Exercise brief: Transcribe every entry exactly, leaving out any pictures.

Items from a data source:

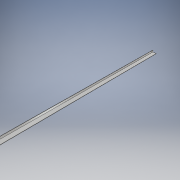
# Autodesk Inventor part: Profile-T#01
Saved by Autodesk Inventor 2018 (Build 220112000, 112)
## iProperties
Created: 2025-02-16
Part Number: Profile-T#01
Material: Všeobecné
Document SubType Name: Modeling
Designer: Jozko Mrkvicka
Density: 1 g/cm^3
Appearance: Výchozí
Author: Jozko Mrkvicka
Autodesk Inventor part; units mm, degrees
ref_plane "YZ Plane" through (0, 0, 0) normal (1, 0, 0) x (0, 1, 0)
ref_plane "XZ Plane" through (0, 0, 0) normal (0, 1, 0) x (-1, 0, 0)
ref_plane "XY Plane" through (0, 0, 0) normal (0, 0, 1) x (1, 0, 0)
sketch "Náčrt1" plane through (0, 0, 0) normal (0, 0, 1) x (1, 0, 0)
  line L0 (0, 0) -> (30, 0)
  line L1 (30, 0) -> (30, 2)
  line L2 (30, 2) -> (16, 2)
  line L3 (16, 2) -> (16, 30)
  line L4 (16, 30) -> (14, 30)
  line L5 (14, 30) -> (14, 2)
  line L6 (14, 2) -> (0, 2)
  line L7 (0, 2) -> (0, 0)
  dimension "d0" = 30
  dimension "d1" = 2
  dimension "d2" = 14
  dimension "d3" = 28
  dimension "d4" = 2
  constraints: 16 end point, 4 perpendicular, 2 point on line, 1 horizontal, 1 parallel, 1 vertical
  measures "d0" distance of L0.start L0.end
  measures "d1" distance of L0.end L1.end
  measures "d2" distance of L1.end L2.end
  measures "d3" distance of L2.end L3.end
  measures "d4" distance of L3.end L4.end
extrude "Vysunutí1" add sketch "Náčrt1" along normal blind 1200
sketch "Náčrt2" plane through (16, 2, 0) normal (0, 1, 0) x (1, 0, 0)
  line L0 (0, 0) -> (0, -1200) projected
  line L1 (14, -1200) -> (0, -1200) projected
  circle A0 centre (7, -1185) radius 1.5
  line L2 (14, 0) -> (14, -1200) projected
  line L3 (14, -600) -> (0, -600)
  circle A1 centre (7, -15) radius 1.5
  point P0 (-16, 0)
  dimension "d7" = 15
  dimension "d8" = 3
  constraints: 2 centre point, 2 end point, 2 midpoint, 1 symmetric about line, 1 other
  measures "d7" distance from line of A0.centre L1
  measures "d8" diameter of A0
extrude "Vysunutí2" cut sketch "Náčrt2" against normal up to next contours A0 | A1
equation "\"d0\" = width_A"
equation "\"d2\" = -0.5 * thickness + 0.5 * width_A"
equation "\"d3\" = width_B - thickness"
equation "\"d4\" = thickness"
equation "\"d5\" = length"
equation "\"d7\" = 0.5 * gSquareProfile_Width_Rack"
equation "\"width_A\" = 30"
equation "\"width_B\" = 30"
equation "\"thickness\" = 2"
equation "\"length\" = gRack_Cpu_Length"
equation "\"gSquareProfile_Width_Rack\" = 30"
equation "\"gRack_Cpu_Length\" = 1200"

Response to the exercise:
# Autodesk Inventor part: Profile-T#01
Saved by Autodesk Inventor 2018 (Build 220112000, 112)
## iProperties
Created: 2025-02-16
Part Number: Profile-T#01
Material: Všeobecné
Document SubType Name: Modeling
Designer: Jozko Mrkvicka
Density: 1 g/cm^3
Appearance: Výchozí
Author: Jozko Mrkvicka
Autodesk Inventor part; units mm, degrees
ref_plane "YZ Plane" through (0, 0, 0) normal (1, 0, 0) x (0, 1, 0)
ref_plane "XZ Plane" through (0, 0, 0) normal (0, 1, 0) x (-1, 0, 0)
ref_plane "XY Plane" through (0, 0, 0) normal (0, 0, 1) x (1, 0, 0)
sketch "Náčrt1" plane through (0, 0, 0) normal (0, 0, 1) x (1, 0, 0)
  line L0 (0, 0) -> (30, 0)
  line L1 (30, 0) -> (30, 2)
  line L2 (30, 2) -> (16, 2)
  line L3 (16, 2) -> (16, 30)
  line L4 (16, 30) -> (14, 30)
  line L5 (14, 30) -> (14, 2)
  line L6 (14, 2) -> (0, 2)
  line L7 (0, 2) -> (0, 0)
  dimension "d0" = 30
  dimension "d1" = 2
  dimension "d2" = 14
  dimension "d3" = 28
  dimension "d4" = 2
  constraints: 16 end point, 4 perpendicular, 2 point on line, 1 horizontal, 1 parallel, 1 vertical
  measures "d0" distance of L0.start L0.end
  measures "d1" distance of L0.end L1.end
  measures "d2" distance of L1.end L2.end
  measures "d3" distance of L2.end L3.end
  measures "d4" distance of L3.end L4.end
extrude "Vysunutí1" add sketch "Náčrt1" along normal blind 1200
sketch "Náčrt2" plane through (16, 2, 0) normal (0, 1, 0) x (1, 0, 0)
  line L0 (0, 0) -> (0, -1200) projected
  line L1 (14, -1200) -> (0, -1200) projected
  circle A0 centre (7, -1185) radius 1.5
  line L2 (14, 0) -> (14, -1200) projected
  line L3 (14, -600) -> (0, -600)
  circle A1 centre (7, -15) radius 1.5
  point P0 (-16, 0)
  dimension "d7" = 15
  dimension "d8" = 3
  constraints: 2 centre point, 2 end point, 2 midpoint, 1 symmetric about line, 1 other
  measures "d7" distance from line of A0.centre L1
  measures "d8" diameter of A0
extrude "Vysunutí2" cut sketch "Náčrt2" against normal up to next contours A0 | A1
equation "\"d0\" = width_A"
equation "\"d2\" = -0.5 * thickness + 0.5 * width_A"
equation "\"d3\" = width_B - thickness"
equation "\"d4\" = thickness"
equation "\"d5\" = length"
equation "\"d7\" = 0.5 * gSquareProfile_Width_Rack"
equation "\"width_A\" = 30"
equation "\"width_B\" = 30"
equation "\"thickness\" = 2"
equation "\"length\" = gRack_Cpu_Length"
equation "\"gSquareProfile_Width_Rack\" = 30"
equation "\"gRack_Cpu_Length\" = 1200"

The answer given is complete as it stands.